# Surrounds for Klipsch RF-35 mains



## KalaniP (Dec 17, 2008)

Thoughts on surrounds... I have some Christmas bonus money burning a hole in my budget, and I'm thinking it's time to get rid of the "temporary" speakers I've been using for the past 5-10 years. 

I have Klipsch RF-35 mains and RC-35 center.

I was looking at:

Emotiva ERD-1 ($289)
Klipsch RS-41 II ($330)
Axiom QS4 ($440)

Some tricky mounting position issues make me love the Axiom's, with that great ceiling mount option, but the cost is definitely high.
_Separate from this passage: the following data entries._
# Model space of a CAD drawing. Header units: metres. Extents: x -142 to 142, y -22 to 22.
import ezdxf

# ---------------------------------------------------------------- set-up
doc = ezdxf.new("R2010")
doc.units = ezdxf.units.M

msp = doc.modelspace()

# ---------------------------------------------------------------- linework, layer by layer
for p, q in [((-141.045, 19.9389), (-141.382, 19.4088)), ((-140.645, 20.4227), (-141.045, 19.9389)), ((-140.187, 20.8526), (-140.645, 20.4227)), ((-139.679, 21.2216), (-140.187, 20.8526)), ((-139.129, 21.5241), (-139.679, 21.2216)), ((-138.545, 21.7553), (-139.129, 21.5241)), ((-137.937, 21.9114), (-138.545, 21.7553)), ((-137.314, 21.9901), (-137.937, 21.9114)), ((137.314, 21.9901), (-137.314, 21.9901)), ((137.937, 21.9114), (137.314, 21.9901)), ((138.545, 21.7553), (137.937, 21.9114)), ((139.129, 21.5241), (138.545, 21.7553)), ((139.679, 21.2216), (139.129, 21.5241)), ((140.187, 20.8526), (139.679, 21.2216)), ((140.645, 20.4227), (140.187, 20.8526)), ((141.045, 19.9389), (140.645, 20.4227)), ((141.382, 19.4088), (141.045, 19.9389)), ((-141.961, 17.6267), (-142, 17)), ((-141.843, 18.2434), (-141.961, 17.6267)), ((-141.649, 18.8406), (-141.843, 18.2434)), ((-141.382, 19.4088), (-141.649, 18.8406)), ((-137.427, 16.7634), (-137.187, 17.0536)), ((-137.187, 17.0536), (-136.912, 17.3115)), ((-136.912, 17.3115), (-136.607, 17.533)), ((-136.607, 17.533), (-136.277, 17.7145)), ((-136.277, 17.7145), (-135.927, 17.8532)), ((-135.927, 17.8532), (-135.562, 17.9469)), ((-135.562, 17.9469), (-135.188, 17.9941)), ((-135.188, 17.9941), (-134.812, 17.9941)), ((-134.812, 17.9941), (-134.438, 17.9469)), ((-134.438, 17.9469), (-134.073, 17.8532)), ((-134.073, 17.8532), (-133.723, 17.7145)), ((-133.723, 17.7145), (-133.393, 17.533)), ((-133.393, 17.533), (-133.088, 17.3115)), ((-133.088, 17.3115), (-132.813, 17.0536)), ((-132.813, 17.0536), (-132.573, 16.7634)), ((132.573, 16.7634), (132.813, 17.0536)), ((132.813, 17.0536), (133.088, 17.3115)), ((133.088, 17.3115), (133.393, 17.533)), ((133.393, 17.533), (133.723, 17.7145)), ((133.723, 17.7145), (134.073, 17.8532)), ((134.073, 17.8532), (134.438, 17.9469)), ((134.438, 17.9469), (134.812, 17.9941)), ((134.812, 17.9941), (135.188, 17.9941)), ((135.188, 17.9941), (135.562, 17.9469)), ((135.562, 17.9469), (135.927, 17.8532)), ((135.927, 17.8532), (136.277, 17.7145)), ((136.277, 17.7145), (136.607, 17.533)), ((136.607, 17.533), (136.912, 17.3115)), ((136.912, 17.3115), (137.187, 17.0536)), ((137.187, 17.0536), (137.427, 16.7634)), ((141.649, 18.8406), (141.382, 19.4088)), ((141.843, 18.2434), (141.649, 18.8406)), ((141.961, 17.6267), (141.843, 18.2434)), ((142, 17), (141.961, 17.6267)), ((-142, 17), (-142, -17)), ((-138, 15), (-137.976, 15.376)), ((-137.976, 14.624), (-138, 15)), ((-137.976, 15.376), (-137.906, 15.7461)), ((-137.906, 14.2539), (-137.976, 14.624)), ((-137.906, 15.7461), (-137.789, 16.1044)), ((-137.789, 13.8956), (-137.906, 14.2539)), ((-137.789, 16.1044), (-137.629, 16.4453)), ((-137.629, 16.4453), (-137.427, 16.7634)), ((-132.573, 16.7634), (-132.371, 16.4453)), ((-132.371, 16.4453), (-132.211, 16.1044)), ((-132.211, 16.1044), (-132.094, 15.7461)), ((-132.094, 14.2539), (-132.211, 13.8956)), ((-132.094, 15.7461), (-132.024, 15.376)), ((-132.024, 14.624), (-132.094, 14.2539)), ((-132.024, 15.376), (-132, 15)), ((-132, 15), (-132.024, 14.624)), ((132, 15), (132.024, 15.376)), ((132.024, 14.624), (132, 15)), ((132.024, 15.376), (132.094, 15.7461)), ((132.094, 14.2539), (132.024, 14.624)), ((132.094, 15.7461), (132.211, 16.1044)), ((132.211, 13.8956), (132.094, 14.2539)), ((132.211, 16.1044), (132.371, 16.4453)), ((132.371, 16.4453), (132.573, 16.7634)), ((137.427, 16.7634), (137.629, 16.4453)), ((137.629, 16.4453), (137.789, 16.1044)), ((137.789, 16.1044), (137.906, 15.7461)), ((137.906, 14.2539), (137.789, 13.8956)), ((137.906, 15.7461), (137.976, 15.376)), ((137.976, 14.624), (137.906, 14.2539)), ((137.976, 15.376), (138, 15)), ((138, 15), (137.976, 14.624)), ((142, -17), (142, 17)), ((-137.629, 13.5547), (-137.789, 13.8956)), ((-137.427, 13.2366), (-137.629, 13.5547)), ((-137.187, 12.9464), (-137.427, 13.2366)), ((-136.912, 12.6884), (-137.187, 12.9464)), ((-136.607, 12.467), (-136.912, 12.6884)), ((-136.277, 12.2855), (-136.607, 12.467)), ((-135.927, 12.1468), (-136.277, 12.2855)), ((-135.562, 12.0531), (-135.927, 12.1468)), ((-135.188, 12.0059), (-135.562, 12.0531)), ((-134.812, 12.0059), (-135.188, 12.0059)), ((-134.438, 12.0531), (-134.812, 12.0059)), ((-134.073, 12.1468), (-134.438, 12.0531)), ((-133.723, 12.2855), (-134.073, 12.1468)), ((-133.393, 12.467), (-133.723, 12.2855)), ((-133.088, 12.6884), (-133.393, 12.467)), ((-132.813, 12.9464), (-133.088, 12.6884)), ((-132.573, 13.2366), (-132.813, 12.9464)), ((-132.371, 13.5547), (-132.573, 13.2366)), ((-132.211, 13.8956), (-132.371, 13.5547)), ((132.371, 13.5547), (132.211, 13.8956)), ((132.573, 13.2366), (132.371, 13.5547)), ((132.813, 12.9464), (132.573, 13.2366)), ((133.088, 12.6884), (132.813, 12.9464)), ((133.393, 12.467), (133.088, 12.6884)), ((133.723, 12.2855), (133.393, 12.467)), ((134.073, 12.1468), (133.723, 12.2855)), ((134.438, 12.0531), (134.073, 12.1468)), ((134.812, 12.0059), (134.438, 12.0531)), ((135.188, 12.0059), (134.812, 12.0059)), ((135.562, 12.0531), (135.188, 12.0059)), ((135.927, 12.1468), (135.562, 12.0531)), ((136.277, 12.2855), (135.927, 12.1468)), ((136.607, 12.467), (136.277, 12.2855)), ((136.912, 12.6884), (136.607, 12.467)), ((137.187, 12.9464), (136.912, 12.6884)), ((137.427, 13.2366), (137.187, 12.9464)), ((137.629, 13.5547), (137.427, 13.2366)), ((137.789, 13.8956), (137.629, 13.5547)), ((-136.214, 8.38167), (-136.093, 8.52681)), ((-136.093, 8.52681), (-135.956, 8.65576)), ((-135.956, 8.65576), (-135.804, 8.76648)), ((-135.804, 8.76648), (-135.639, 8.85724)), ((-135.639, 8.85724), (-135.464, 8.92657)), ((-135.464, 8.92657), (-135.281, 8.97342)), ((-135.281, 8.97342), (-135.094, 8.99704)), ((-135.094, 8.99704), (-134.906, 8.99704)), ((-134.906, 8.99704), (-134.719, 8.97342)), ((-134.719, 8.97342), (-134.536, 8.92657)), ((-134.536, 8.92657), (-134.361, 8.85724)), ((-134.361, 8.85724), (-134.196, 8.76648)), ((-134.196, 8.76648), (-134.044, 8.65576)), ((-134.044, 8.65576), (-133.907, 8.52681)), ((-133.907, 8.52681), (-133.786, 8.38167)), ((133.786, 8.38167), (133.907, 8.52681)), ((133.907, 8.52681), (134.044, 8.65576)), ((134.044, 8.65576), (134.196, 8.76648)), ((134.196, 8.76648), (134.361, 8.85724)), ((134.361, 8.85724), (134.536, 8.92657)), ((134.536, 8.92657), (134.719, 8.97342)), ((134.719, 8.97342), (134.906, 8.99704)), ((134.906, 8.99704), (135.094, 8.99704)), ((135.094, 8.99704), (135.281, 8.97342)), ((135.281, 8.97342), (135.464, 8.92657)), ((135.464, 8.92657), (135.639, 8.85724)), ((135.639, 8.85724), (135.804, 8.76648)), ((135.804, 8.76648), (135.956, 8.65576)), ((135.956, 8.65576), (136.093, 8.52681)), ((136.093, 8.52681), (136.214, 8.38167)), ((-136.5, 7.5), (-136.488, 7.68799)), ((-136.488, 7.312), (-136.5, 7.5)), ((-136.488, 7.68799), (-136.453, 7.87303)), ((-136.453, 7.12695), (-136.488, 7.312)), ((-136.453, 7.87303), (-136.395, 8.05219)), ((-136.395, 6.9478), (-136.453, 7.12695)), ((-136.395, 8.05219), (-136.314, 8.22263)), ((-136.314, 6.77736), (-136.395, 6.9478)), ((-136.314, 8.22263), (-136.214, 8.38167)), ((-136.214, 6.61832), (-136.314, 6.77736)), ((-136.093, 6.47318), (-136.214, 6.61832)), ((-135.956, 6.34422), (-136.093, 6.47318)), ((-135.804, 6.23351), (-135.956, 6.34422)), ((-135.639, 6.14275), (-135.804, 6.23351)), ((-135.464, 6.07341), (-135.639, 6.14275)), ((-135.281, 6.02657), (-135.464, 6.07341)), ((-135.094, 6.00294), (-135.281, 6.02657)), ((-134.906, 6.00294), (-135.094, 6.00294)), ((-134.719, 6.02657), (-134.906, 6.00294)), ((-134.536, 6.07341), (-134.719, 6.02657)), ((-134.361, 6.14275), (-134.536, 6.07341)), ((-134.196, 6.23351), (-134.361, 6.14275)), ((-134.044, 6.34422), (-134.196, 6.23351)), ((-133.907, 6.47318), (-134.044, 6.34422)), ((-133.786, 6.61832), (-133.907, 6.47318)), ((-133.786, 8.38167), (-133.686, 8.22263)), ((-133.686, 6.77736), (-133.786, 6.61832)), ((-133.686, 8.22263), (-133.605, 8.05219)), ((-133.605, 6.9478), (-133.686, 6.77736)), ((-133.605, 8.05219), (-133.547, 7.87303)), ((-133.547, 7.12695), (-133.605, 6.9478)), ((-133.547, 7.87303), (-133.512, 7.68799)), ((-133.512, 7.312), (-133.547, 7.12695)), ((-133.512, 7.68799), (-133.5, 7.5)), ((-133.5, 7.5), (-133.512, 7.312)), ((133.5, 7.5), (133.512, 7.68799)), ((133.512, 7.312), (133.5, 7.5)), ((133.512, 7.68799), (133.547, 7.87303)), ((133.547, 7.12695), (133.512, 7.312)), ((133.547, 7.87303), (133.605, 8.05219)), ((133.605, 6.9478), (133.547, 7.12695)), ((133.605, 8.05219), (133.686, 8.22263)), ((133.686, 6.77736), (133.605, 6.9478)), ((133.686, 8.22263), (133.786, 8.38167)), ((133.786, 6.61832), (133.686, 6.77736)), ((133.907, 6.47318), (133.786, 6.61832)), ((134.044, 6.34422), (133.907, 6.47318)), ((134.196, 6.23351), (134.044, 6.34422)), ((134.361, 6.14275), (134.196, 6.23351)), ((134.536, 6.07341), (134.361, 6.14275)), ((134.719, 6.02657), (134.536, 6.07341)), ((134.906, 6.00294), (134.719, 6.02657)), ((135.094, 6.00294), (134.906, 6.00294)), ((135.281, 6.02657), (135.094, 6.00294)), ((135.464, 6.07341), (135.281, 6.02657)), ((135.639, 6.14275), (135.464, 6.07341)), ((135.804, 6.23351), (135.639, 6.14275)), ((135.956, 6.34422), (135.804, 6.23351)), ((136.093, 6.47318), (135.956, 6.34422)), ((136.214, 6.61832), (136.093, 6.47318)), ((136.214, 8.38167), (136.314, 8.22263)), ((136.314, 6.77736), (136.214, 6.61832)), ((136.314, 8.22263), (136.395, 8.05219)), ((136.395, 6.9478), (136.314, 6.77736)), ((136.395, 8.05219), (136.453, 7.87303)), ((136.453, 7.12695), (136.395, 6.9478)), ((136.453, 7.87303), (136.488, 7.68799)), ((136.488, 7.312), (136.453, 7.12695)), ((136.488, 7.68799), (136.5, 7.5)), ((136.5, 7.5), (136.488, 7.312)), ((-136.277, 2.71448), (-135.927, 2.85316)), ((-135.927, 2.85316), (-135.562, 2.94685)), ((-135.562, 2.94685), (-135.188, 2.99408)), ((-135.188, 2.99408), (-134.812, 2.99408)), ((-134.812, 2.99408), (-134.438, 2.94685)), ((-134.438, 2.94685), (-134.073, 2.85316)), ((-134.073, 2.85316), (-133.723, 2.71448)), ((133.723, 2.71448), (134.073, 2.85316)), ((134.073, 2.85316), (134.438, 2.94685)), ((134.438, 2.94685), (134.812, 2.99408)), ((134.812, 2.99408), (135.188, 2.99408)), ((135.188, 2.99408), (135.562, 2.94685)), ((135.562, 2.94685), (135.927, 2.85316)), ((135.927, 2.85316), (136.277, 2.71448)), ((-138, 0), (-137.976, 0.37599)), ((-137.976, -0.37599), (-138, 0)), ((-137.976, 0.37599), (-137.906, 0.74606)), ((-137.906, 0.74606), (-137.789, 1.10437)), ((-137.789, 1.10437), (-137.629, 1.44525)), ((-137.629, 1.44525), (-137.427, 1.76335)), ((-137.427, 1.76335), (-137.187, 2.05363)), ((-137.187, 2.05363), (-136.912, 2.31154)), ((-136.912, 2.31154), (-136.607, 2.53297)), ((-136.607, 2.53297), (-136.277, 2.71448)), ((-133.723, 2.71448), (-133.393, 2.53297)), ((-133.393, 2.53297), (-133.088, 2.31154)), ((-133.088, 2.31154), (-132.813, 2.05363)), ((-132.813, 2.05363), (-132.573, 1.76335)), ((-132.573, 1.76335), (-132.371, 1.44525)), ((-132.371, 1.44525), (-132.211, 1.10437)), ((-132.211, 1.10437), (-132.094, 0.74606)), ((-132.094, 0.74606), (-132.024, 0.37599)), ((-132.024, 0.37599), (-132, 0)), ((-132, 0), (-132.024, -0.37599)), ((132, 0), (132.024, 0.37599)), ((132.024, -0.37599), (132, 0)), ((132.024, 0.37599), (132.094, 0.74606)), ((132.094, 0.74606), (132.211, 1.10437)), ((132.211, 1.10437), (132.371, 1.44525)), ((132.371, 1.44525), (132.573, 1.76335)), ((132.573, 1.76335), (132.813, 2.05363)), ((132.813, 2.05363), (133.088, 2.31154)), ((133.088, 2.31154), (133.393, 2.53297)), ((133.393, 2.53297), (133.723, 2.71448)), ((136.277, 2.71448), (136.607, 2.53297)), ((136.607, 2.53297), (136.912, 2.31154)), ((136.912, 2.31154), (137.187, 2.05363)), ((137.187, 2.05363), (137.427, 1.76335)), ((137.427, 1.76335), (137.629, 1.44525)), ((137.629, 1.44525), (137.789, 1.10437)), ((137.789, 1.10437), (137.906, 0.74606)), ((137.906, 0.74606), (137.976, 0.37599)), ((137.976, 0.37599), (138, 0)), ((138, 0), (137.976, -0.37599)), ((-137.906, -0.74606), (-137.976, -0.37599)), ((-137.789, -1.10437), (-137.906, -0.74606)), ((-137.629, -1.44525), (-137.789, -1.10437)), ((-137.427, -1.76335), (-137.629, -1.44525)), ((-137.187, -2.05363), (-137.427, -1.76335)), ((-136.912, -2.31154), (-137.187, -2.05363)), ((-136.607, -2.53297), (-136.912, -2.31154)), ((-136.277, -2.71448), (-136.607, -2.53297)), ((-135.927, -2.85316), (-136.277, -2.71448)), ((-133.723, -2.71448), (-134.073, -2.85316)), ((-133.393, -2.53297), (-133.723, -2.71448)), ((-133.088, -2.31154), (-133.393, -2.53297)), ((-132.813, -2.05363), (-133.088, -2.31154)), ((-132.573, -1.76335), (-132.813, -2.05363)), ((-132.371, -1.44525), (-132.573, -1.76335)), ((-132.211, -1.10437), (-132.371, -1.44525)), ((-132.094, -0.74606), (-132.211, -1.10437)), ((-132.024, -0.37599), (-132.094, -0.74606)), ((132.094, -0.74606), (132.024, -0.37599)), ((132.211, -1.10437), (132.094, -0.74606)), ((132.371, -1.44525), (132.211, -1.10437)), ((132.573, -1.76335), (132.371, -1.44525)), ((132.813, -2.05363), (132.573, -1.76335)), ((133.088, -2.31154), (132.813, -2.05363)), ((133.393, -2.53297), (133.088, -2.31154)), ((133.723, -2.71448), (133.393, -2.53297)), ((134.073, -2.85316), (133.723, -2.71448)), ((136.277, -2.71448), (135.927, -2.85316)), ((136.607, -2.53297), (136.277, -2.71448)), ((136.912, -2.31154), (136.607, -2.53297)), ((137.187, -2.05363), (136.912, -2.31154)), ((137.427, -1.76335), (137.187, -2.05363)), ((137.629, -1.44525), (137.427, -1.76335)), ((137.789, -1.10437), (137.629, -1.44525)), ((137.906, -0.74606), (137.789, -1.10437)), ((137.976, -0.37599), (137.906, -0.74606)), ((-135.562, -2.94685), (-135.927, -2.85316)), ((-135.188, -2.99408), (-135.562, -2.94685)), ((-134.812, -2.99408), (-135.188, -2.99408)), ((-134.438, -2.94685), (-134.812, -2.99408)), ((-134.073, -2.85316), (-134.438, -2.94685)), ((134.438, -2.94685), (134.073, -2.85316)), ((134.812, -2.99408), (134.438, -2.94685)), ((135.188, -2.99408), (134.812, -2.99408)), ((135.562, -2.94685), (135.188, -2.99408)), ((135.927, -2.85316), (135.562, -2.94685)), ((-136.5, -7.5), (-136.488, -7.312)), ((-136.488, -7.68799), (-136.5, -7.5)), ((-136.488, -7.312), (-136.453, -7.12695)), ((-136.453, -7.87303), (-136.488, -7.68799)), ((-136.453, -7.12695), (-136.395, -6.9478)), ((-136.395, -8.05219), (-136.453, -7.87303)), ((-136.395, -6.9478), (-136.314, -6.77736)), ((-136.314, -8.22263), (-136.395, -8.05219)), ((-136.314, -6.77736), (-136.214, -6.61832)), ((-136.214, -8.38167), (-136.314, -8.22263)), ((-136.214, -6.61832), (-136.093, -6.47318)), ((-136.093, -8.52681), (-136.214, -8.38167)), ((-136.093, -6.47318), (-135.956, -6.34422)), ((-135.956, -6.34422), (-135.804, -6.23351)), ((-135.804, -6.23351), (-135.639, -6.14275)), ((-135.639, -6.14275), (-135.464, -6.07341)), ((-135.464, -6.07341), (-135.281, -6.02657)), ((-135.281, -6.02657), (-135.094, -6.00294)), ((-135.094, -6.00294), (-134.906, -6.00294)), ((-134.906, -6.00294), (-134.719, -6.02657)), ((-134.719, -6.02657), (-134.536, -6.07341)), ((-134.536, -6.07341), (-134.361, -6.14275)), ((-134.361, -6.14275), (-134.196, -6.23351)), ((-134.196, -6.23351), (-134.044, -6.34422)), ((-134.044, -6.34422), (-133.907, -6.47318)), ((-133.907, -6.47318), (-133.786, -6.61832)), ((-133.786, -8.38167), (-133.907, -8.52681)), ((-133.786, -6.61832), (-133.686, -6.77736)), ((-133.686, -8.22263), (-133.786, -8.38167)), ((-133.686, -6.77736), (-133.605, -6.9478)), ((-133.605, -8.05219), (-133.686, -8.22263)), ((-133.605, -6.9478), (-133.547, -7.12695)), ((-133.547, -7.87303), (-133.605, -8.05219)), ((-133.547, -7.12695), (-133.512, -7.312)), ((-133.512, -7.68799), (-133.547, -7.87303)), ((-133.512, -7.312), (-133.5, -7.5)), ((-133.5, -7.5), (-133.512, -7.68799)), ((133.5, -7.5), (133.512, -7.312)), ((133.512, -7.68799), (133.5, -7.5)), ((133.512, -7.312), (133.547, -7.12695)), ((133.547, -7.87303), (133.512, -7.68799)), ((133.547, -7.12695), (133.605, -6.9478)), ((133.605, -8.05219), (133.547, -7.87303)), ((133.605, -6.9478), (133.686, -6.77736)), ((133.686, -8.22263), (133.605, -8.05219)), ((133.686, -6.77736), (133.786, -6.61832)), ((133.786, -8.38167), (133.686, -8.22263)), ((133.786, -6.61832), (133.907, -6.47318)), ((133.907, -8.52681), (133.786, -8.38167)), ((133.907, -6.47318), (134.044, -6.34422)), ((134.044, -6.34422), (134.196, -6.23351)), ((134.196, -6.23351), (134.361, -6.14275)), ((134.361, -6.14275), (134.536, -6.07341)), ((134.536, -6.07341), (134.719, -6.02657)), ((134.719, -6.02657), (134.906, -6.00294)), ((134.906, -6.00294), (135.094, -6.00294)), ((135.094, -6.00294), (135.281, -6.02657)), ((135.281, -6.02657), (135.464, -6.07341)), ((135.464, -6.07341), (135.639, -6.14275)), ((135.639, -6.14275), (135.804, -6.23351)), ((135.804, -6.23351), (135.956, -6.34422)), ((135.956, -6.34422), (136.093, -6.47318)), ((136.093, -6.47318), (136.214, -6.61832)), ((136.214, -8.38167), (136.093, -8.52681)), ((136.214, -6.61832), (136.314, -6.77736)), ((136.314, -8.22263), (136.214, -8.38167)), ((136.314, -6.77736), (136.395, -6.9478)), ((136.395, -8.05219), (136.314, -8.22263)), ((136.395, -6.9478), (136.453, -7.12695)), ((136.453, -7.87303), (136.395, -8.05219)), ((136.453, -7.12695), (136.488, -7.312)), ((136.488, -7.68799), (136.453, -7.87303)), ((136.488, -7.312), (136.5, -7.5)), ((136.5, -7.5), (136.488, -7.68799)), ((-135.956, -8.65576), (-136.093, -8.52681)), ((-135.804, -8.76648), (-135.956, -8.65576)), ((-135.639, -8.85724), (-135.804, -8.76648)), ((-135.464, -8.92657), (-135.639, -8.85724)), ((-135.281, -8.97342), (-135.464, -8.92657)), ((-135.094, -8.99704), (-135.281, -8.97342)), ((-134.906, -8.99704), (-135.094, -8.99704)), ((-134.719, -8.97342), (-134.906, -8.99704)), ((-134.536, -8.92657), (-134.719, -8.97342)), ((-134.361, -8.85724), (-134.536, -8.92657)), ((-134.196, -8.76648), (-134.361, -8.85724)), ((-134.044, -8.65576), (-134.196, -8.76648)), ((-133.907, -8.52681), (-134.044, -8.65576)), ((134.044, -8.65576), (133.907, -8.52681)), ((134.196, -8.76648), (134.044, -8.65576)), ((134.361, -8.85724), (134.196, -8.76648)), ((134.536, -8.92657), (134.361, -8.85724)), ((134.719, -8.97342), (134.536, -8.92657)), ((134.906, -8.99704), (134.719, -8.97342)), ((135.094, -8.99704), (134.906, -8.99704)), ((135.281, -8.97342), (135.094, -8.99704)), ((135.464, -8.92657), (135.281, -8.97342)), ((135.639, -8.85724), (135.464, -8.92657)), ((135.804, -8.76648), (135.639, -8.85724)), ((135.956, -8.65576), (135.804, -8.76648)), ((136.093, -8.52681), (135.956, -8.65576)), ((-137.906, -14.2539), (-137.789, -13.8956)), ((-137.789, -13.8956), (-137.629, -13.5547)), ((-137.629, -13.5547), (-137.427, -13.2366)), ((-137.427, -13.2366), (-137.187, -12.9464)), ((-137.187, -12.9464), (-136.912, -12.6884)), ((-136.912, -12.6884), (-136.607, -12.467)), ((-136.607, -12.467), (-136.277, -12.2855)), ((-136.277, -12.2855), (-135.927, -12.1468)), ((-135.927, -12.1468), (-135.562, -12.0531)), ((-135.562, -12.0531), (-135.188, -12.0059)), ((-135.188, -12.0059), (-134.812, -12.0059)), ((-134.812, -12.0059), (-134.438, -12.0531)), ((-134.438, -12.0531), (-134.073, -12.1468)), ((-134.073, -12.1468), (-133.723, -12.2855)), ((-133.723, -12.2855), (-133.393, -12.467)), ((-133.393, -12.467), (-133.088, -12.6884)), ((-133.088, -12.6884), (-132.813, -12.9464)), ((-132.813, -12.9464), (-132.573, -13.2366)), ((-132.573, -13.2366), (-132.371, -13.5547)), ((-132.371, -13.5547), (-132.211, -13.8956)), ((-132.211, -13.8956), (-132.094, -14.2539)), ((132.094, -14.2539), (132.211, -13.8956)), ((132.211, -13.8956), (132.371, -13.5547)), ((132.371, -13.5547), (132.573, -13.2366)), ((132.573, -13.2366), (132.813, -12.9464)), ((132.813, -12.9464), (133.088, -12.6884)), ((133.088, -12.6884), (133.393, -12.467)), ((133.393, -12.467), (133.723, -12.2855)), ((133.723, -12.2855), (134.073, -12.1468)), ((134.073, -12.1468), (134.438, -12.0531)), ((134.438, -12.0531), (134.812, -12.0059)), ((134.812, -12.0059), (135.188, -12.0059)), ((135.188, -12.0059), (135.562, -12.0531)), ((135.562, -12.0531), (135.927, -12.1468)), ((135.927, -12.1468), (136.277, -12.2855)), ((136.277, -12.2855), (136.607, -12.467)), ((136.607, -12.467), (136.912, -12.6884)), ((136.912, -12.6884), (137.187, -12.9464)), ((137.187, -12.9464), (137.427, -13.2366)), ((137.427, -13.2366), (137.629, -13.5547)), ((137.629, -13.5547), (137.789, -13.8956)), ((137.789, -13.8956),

But the Emo's low cost, and the almost-as-low-cost (plus tone-matching aspects) of the Klipsch are also tempting.

Thoughts?


----------



## vann_d (Apr 7, 2009)

I'm using RB-15s for the surrounds with RF-82 & RC-52. I like them. You can sometimes find ref series bookshelf on Craigslist for under $200.


----------



## KalaniP (Dec 17, 2008)

Interesting thought. Won't work for this particular installation, though.

I got impatient and pulled the trigger on the RS-41 II's, but I'll have to keep an eye on Craigslist for some ideas to upgrade the other room.


----------